Information
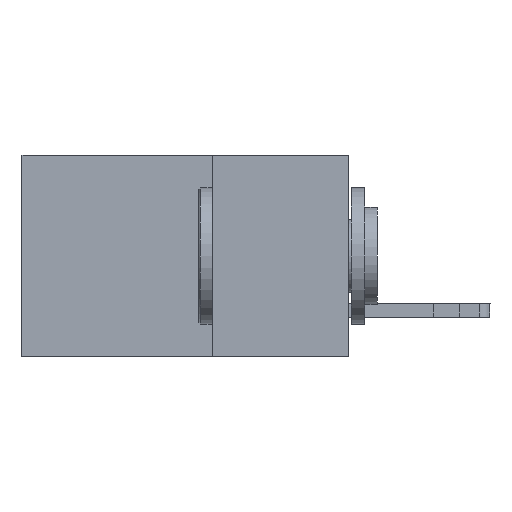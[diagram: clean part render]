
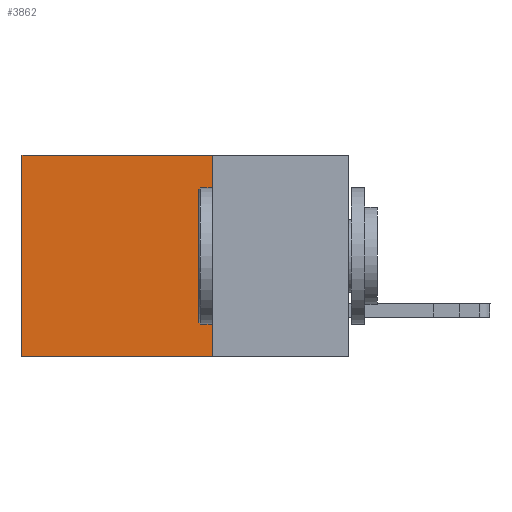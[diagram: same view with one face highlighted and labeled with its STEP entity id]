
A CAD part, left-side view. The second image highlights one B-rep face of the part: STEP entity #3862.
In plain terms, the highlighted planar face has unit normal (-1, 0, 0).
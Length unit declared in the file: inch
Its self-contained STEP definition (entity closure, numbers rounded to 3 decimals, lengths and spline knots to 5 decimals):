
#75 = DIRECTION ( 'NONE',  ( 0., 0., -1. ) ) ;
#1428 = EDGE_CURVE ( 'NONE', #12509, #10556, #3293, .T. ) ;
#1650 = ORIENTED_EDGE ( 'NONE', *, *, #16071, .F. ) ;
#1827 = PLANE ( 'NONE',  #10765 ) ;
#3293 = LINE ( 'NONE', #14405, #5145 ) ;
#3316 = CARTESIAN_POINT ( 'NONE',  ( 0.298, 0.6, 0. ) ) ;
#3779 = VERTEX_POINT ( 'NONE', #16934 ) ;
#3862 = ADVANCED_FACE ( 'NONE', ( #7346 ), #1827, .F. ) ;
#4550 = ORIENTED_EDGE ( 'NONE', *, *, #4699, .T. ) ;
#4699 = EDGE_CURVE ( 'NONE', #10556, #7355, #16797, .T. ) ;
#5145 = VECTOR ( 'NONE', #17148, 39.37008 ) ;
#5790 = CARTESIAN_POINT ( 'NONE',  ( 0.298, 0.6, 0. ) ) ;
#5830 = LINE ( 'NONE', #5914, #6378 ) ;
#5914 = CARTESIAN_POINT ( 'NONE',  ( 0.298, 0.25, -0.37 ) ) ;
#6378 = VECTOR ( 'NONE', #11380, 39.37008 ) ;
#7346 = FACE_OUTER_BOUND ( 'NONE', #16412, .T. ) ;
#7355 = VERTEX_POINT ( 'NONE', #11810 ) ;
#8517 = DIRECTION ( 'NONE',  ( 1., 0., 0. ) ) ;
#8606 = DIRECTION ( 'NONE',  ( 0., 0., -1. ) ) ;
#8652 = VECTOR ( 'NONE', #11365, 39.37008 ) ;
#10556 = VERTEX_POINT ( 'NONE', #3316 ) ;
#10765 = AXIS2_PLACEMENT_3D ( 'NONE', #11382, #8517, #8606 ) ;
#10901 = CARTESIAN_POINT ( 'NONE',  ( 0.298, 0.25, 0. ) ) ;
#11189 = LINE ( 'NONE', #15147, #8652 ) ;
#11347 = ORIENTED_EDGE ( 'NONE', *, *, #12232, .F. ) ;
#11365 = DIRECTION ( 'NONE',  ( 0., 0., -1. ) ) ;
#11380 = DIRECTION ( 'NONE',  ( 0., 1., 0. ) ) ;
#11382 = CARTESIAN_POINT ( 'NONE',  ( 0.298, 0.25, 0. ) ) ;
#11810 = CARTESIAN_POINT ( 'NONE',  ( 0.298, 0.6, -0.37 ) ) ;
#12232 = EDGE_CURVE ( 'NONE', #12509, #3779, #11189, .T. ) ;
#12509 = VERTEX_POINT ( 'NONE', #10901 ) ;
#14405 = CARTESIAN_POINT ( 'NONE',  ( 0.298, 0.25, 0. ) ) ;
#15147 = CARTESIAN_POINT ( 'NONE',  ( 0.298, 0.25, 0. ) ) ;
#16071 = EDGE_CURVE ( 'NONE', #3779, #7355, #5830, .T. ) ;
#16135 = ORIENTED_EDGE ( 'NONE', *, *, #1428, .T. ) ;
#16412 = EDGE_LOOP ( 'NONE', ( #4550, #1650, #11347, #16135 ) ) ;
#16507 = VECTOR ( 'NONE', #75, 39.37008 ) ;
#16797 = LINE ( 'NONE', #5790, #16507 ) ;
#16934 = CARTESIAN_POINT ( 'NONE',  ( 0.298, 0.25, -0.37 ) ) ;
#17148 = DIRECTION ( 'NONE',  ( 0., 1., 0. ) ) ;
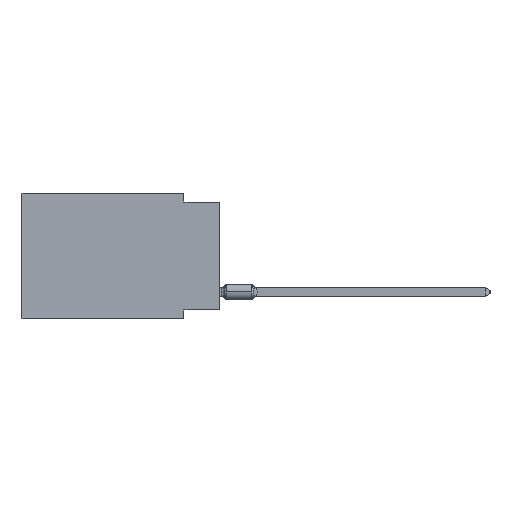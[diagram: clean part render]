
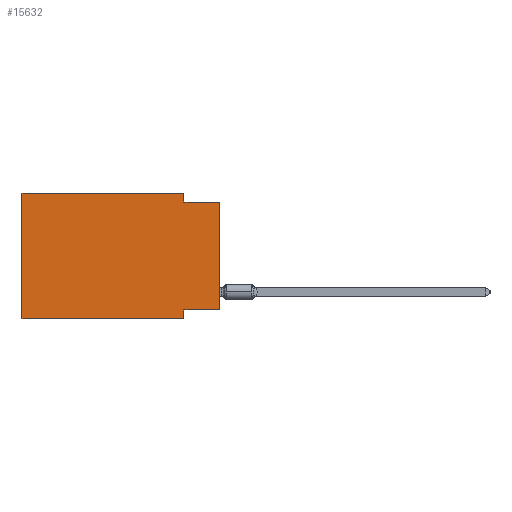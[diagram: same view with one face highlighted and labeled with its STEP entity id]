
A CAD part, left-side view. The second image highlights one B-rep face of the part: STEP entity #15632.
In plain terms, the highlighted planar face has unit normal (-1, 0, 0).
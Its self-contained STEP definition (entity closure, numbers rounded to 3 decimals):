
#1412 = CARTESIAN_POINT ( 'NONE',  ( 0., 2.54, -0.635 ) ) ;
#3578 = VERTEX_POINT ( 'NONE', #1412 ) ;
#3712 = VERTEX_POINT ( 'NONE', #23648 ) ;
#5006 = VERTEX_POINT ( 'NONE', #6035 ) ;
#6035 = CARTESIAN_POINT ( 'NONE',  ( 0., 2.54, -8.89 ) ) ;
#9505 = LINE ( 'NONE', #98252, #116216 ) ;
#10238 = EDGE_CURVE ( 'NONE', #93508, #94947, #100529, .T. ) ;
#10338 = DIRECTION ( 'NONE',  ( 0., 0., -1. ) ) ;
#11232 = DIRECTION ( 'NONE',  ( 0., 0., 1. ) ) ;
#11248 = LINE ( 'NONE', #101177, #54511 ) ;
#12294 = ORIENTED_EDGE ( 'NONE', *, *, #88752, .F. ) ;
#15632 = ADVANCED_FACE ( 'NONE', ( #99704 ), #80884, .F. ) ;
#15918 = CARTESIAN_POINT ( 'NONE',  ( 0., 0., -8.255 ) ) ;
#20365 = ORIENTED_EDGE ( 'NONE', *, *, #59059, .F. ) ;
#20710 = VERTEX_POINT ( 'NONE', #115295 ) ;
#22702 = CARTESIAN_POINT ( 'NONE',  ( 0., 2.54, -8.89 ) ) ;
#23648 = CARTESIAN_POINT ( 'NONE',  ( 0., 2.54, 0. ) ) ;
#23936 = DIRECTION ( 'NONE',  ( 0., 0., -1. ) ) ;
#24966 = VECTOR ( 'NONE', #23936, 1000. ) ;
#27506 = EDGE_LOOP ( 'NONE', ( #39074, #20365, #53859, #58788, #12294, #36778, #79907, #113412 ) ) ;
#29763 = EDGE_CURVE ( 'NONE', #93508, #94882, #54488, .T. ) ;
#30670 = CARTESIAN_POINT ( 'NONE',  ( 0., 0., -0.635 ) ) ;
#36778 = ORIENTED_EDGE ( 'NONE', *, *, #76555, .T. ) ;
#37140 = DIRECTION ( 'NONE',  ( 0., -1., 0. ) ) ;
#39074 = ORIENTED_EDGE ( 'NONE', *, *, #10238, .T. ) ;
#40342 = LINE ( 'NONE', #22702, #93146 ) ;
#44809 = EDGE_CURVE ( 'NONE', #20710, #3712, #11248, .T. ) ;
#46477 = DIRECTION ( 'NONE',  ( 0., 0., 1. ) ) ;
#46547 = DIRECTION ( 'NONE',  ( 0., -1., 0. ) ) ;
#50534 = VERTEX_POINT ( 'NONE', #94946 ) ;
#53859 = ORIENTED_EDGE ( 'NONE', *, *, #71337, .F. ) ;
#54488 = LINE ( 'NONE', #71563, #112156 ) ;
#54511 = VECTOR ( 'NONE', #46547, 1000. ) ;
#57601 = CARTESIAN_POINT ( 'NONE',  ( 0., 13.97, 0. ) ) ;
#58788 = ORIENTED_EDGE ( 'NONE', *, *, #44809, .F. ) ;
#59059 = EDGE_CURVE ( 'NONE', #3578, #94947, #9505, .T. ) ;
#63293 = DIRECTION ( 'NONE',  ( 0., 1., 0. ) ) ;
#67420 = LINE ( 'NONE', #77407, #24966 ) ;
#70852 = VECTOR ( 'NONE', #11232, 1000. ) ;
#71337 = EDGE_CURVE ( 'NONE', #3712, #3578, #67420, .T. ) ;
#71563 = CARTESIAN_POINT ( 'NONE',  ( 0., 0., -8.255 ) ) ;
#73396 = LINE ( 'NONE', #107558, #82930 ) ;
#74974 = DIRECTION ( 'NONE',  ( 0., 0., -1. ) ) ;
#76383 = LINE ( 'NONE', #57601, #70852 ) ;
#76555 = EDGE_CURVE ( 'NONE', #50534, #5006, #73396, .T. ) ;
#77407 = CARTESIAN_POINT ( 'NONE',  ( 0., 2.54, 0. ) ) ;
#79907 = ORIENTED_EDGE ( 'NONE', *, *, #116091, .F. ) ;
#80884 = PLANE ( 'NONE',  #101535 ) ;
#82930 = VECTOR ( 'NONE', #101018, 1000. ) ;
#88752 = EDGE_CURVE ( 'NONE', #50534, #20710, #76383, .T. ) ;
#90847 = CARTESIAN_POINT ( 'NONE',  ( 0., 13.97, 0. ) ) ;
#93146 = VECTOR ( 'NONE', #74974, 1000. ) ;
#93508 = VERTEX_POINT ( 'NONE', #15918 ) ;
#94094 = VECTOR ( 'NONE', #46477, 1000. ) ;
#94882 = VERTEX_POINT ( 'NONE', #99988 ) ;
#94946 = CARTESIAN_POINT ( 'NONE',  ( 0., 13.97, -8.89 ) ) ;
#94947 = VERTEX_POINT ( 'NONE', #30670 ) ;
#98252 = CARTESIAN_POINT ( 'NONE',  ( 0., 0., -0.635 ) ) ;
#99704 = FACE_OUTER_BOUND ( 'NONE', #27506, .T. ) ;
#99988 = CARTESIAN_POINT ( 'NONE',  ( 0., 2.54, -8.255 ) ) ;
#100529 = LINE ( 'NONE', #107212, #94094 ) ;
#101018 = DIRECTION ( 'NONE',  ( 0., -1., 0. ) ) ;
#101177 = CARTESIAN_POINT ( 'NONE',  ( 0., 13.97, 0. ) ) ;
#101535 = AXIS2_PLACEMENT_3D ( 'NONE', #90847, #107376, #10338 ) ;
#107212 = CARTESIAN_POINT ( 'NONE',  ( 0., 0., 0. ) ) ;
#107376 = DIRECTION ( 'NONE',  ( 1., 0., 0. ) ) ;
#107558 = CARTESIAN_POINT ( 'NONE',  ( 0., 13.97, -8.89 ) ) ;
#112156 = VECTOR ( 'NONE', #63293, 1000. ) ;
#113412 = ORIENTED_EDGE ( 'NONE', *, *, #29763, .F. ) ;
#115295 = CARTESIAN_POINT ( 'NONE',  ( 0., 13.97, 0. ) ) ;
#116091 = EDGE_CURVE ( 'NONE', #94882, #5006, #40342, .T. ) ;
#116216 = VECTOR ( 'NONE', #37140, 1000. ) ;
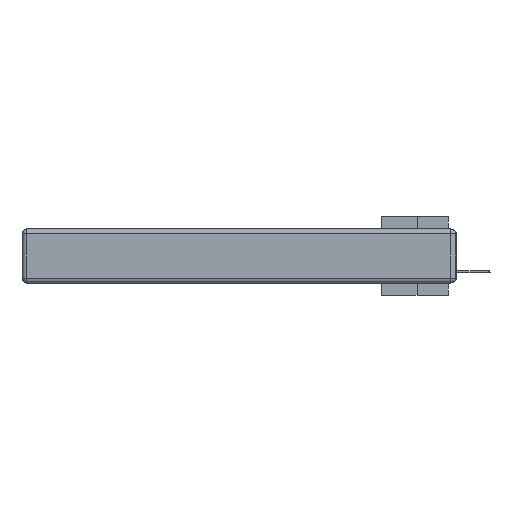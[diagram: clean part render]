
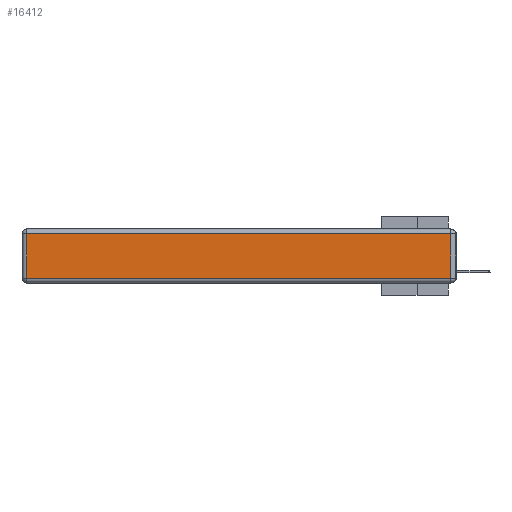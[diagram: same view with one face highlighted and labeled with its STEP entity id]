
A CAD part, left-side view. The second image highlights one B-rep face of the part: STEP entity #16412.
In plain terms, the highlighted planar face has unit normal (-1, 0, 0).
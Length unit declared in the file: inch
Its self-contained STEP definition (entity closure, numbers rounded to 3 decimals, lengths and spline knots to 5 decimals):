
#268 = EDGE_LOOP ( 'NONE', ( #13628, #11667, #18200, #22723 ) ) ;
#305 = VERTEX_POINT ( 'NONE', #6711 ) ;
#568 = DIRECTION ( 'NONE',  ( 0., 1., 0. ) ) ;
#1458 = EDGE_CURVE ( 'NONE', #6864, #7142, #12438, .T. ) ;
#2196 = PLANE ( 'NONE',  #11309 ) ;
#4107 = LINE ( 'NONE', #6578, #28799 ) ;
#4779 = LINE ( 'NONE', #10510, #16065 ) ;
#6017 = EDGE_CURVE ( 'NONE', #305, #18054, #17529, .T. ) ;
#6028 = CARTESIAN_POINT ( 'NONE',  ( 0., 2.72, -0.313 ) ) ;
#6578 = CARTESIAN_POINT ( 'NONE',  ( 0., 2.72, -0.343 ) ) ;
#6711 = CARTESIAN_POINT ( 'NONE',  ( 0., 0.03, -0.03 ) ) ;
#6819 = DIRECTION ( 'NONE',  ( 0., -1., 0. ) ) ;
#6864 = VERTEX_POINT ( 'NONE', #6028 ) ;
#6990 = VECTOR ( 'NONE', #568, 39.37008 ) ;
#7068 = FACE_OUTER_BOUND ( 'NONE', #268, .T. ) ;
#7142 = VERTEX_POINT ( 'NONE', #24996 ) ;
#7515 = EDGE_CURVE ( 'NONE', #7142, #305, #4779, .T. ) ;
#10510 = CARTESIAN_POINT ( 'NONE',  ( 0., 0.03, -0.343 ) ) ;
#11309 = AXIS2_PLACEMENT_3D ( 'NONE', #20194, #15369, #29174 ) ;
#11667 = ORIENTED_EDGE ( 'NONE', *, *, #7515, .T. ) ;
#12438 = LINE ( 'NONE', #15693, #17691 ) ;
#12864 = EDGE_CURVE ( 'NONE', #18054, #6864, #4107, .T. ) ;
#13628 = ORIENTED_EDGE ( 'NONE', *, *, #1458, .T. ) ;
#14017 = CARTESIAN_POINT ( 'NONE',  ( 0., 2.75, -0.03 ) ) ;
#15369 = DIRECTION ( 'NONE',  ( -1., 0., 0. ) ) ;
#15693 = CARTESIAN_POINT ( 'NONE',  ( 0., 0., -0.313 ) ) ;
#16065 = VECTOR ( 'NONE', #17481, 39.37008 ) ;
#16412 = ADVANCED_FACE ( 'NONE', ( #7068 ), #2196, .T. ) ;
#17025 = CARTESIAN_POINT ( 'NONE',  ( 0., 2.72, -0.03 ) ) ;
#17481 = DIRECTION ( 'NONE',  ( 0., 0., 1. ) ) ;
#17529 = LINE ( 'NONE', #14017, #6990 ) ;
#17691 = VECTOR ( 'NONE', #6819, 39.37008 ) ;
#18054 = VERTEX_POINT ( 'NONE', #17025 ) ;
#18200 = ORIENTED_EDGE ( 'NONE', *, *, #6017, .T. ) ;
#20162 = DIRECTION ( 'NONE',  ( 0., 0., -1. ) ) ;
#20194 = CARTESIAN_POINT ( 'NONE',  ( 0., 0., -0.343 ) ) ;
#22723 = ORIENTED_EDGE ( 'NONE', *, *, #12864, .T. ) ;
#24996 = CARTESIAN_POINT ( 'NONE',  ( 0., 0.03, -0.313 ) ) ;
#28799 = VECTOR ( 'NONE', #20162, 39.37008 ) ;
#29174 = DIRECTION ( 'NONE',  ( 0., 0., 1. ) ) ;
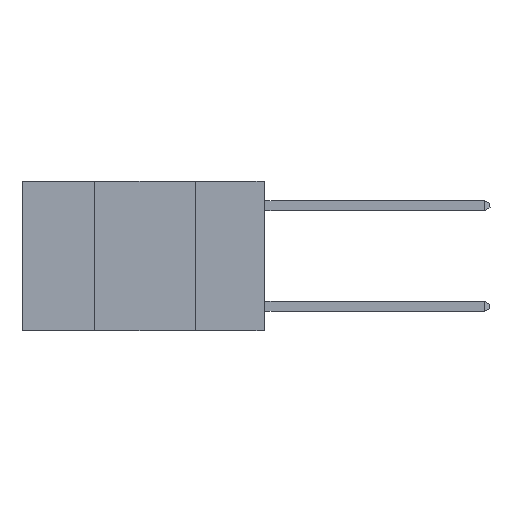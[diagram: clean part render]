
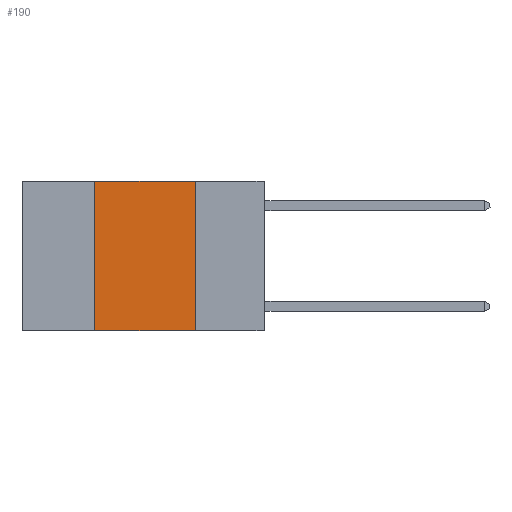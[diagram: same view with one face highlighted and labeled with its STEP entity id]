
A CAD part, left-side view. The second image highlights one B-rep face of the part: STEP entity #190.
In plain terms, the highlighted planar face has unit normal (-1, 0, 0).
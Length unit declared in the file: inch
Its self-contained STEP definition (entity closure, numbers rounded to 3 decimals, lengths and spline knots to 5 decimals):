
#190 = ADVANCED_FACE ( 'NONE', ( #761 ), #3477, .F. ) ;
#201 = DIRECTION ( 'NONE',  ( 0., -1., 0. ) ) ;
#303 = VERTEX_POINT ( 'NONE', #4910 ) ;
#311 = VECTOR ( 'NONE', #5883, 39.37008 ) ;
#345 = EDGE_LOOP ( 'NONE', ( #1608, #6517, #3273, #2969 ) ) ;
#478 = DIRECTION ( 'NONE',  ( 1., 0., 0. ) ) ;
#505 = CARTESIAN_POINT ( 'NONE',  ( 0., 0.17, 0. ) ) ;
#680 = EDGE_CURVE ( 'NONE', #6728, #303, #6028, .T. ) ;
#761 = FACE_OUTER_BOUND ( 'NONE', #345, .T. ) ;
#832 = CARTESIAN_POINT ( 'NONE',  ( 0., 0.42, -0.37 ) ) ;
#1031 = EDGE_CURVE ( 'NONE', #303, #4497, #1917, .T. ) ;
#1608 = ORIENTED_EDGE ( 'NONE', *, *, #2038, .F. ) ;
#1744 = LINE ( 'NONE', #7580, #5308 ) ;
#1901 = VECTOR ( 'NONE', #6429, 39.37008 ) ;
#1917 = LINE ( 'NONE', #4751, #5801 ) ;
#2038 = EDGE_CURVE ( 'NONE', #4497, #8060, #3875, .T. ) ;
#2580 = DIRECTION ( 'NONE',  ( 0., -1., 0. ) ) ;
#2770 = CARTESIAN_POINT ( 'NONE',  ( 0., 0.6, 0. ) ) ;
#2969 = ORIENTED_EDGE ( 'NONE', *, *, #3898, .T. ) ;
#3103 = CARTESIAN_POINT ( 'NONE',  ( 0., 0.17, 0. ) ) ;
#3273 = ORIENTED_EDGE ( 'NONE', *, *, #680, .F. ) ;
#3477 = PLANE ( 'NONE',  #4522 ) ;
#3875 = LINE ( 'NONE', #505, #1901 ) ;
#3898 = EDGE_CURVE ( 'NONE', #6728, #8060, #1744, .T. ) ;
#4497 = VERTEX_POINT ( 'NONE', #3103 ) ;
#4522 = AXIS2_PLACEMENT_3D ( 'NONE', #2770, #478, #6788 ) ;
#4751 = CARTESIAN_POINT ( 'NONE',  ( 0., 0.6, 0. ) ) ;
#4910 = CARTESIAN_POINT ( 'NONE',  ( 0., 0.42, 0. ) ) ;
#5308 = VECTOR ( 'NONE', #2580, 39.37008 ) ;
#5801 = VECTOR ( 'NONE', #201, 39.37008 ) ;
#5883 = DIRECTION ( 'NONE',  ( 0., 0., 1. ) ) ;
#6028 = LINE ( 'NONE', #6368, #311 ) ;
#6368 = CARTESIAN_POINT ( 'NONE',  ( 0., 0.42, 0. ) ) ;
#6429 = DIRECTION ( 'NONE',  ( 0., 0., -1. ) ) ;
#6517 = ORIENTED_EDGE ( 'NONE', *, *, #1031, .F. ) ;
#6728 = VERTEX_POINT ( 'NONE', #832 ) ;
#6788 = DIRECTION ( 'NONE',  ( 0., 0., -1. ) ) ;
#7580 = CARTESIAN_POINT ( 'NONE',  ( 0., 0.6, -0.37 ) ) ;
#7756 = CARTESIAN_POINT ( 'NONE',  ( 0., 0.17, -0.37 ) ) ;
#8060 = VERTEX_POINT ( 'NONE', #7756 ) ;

Action item
Only the lines from the one holding "#6788 = DIRECTION" through the end of the records should appear in the answer, each repeated exactly.

Result of this exercise
#6788 = DIRECTION ( 'NONE',  ( 0., 0., -1. ) ) ;
#7580 = CARTESIAN_POINT ( 'NONE',  ( 0., 0.6, -0.37 ) ) ;
#7756 = CARTESIAN_POINT ( 'NONE',  ( 0., 0.17, -0.37 ) ) ;
#8060 = VERTEX_POINT ( 'NONE', #7756 ) ;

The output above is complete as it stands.